# Signals vs. Smoke?



## DougCA (Mar 2, 2020)

Hello,

Has anyone here upgraded from the Smoke to the Signals by Thermoworks? I have the Smoke and like it, but that gateway is a finicky thing that just gets me irritated. I forget what the status lights mean and last time it did not report anything to my app. Thinking of getting the Signals as they have an open box sale today. Signals seems to be a 4 channel smoke with the gateway built in. Anything else I'm missing?


----------



## schlotz (Mar 2, 2020)

Just received my open box, can't tell from new.  Unit works with both bluetooth or wifi. So far very pleased.


----------



## drunkenmeatfist (Mar 2, 2020)

I bought the Smoke and was gifted Signals for Christmas. You can download the app and monitor your temps from far away.  I never thought I would want/need that, but having it is awesome.
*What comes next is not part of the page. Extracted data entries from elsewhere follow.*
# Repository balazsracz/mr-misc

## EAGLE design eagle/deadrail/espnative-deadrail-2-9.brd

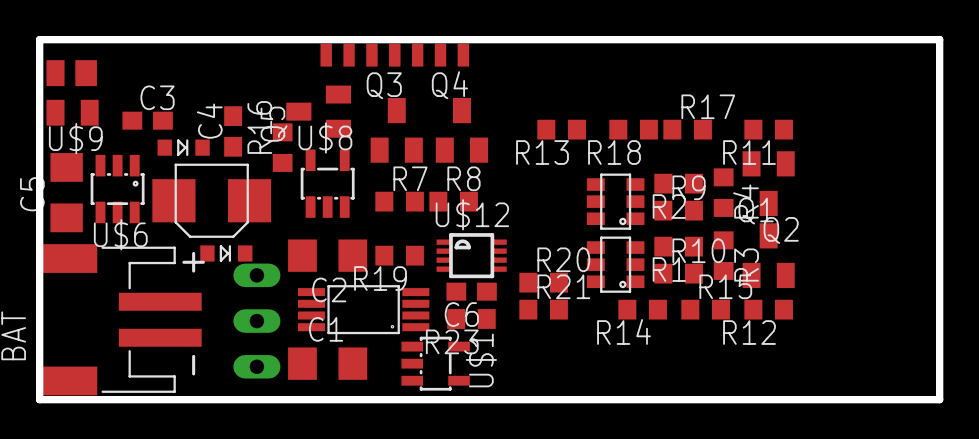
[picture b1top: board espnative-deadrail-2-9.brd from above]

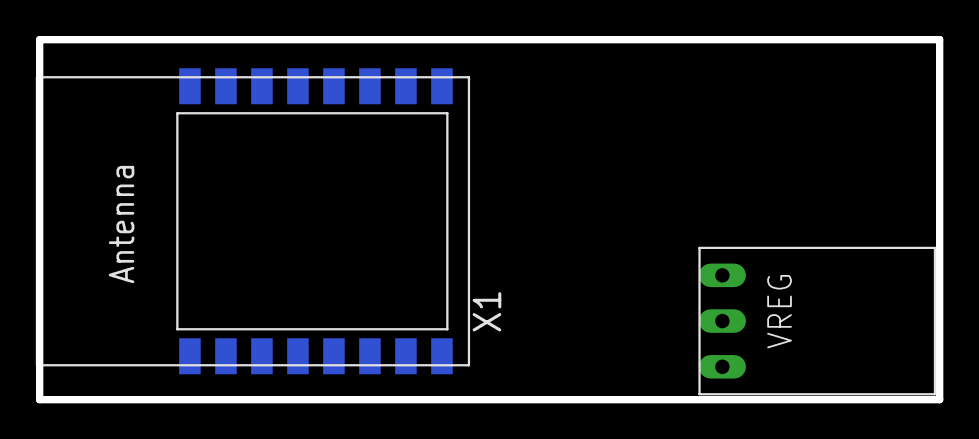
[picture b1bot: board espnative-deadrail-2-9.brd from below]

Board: 2 copper layers, 50.0 x 20.0 mm, 46 parts (2 on the bottom side), 36 nets, no tracks yet.

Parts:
BAT: JST-PH-2-SMT-RA
C1, C2: C1206
C3: 1 uF; C0603
C4: 22uF; C0603
C5: 22uF; C1206
C6: 10n; C0603
L1: 10uH; FDSD0420
Q1, Q2, Q3, Q4, Q5: BSS123; SOT23
R1, R2: 5k; R0603
R3, R4, R13, R15, R17, R18: 10k; R0603
R7, R9, R10, R11, R12, R14: 47k; R0603
R8: 270k; R0603
R16: 2k2; R0603
R19: 500; R0603
R20, R21: 15k; R0603
R23: 1k..5k; R0603
U$1: AP2112K-3V3; SOT23-5L
U$2, U$3: DMG6601-LVT; TSOT-26
U$4: TPS2115A; TSSOP-8
U$5: POLOLU-VREG12; POLOLU-REGULATOR
U$6: LMR16006Y; SOT23-6
U$7, U$11: DIODE; DIODE-1206
U$8: STC4054; SOT23-5L
U$9: BAS3007A; SOT143B
U$10: DECODER-WIRE-PADS7; DECODER-WIRE-PADS
U$12: TS5A3359; US8
X1: ESP-12

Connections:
+3V3: R15.1, R17.1, R18.1, U$1.5, U$12.8, X1.8
+4.1V: U$1.1, U$1.3, U$4.7
+5V: C4.1, L1.P$1, U$4.6, U$6.3, U$8.4
+12V: C2.2, R1.2, R2.2, U$2.2, U$3.2, U$5.VOUT, U$10.4, U$11.C
BAT_EN: R14.1, U$4.2, X1.4
CHRG_EN: Q5.1, R13.1, X1.10
CHRG_FB: R16.1, U$8.5, U$12.2
DCC_VPLUS: C5.2, U$6.5, U$9.4, U$11.A
F0_FRONT: Q3.1, X1.13
F0_REAR: Q4.1, X1.15
GND: BAT.2, C1.2, C2.1, C4.2, C5.1, C6.2, Q1.2, Q2.2, Q3.2, Q4.2, Q5.2, R8.2, R9.2, R10.2, R11.2, R12.1, R13.2, R14.2, R19.2, R23.2, U$1.2, U$2.5, U$3.5, U$4.3, U$4.5, U$5.GND, U$6.2, U$7.C, U$8.2, U$9.1, U$12.4, X1.9
LIGHT_B: Q4.3, U$10.3
LIGHT_F: Q3.3, U$10.5
MOTA_HIGH: Q1.1, R12.2, X1.5
MOTA_LOW: R10.1, U$2.1, X1.6
MOTB_HIGH: Q2.1, R11.1, X1.14
MOTB_LOW: R9.1, U$3.1, X1.7
MOT_A: R21.2, U$2.4, U$2.6, U$10.6
MOT_B: R20.2, U$3.4, U$3.6, U$10.2
MOT_FB: C6.1, R20.1, R21.1, R23.1, U$12.1
unnamed: U$12.7, X1.2
unnamed: R1.1, R3.1, U$2.3
unnamed: Q2.3, R4.2
unnamed: R2.1, R4.1, U$3.3
unnamed: C3.2, L1.P$2, U$6.6, U$7.A
unnamed: Q1.3, R3.2
unnamed: C3.1, U$6.1
unnamed: Q5.3, R16.2
unnamed: R17.2, U$12.6, X1.12
unnamed: R15.2, X1.3
unnamed: R18.2, U$12.5, X1.11
unnamed: R19.1, U$4.4
TRK_L: U$9.2, U$10.7
TRK_R: U$9.3, U$10.1
VBAT: BAT.1, C1.1, R7.1, U$4.8, U$5.VIN, U$8.3
VBAT_FB: R7.2, R8.1, U$12.3

I also got the Billows so I can change the temp of my cooker while I am away too.


----------



## Duffman56 (Oct 3, 2020)

Anyone else using Signals?  I'm looking at getting a WSM and not sure what type of controller/fan setup to get.  Have only ever used an electric smoker, but excited about the ability to have temp control for overnight smokes and great charcoal smokey flavor.  

Hesitant to get the Signals/Billows setup, since together they're $300!  Would love having wifi connectivity to monitor the smoke while I'm at work, though.  Anybody using a different wifi controller that they're happy with?


----------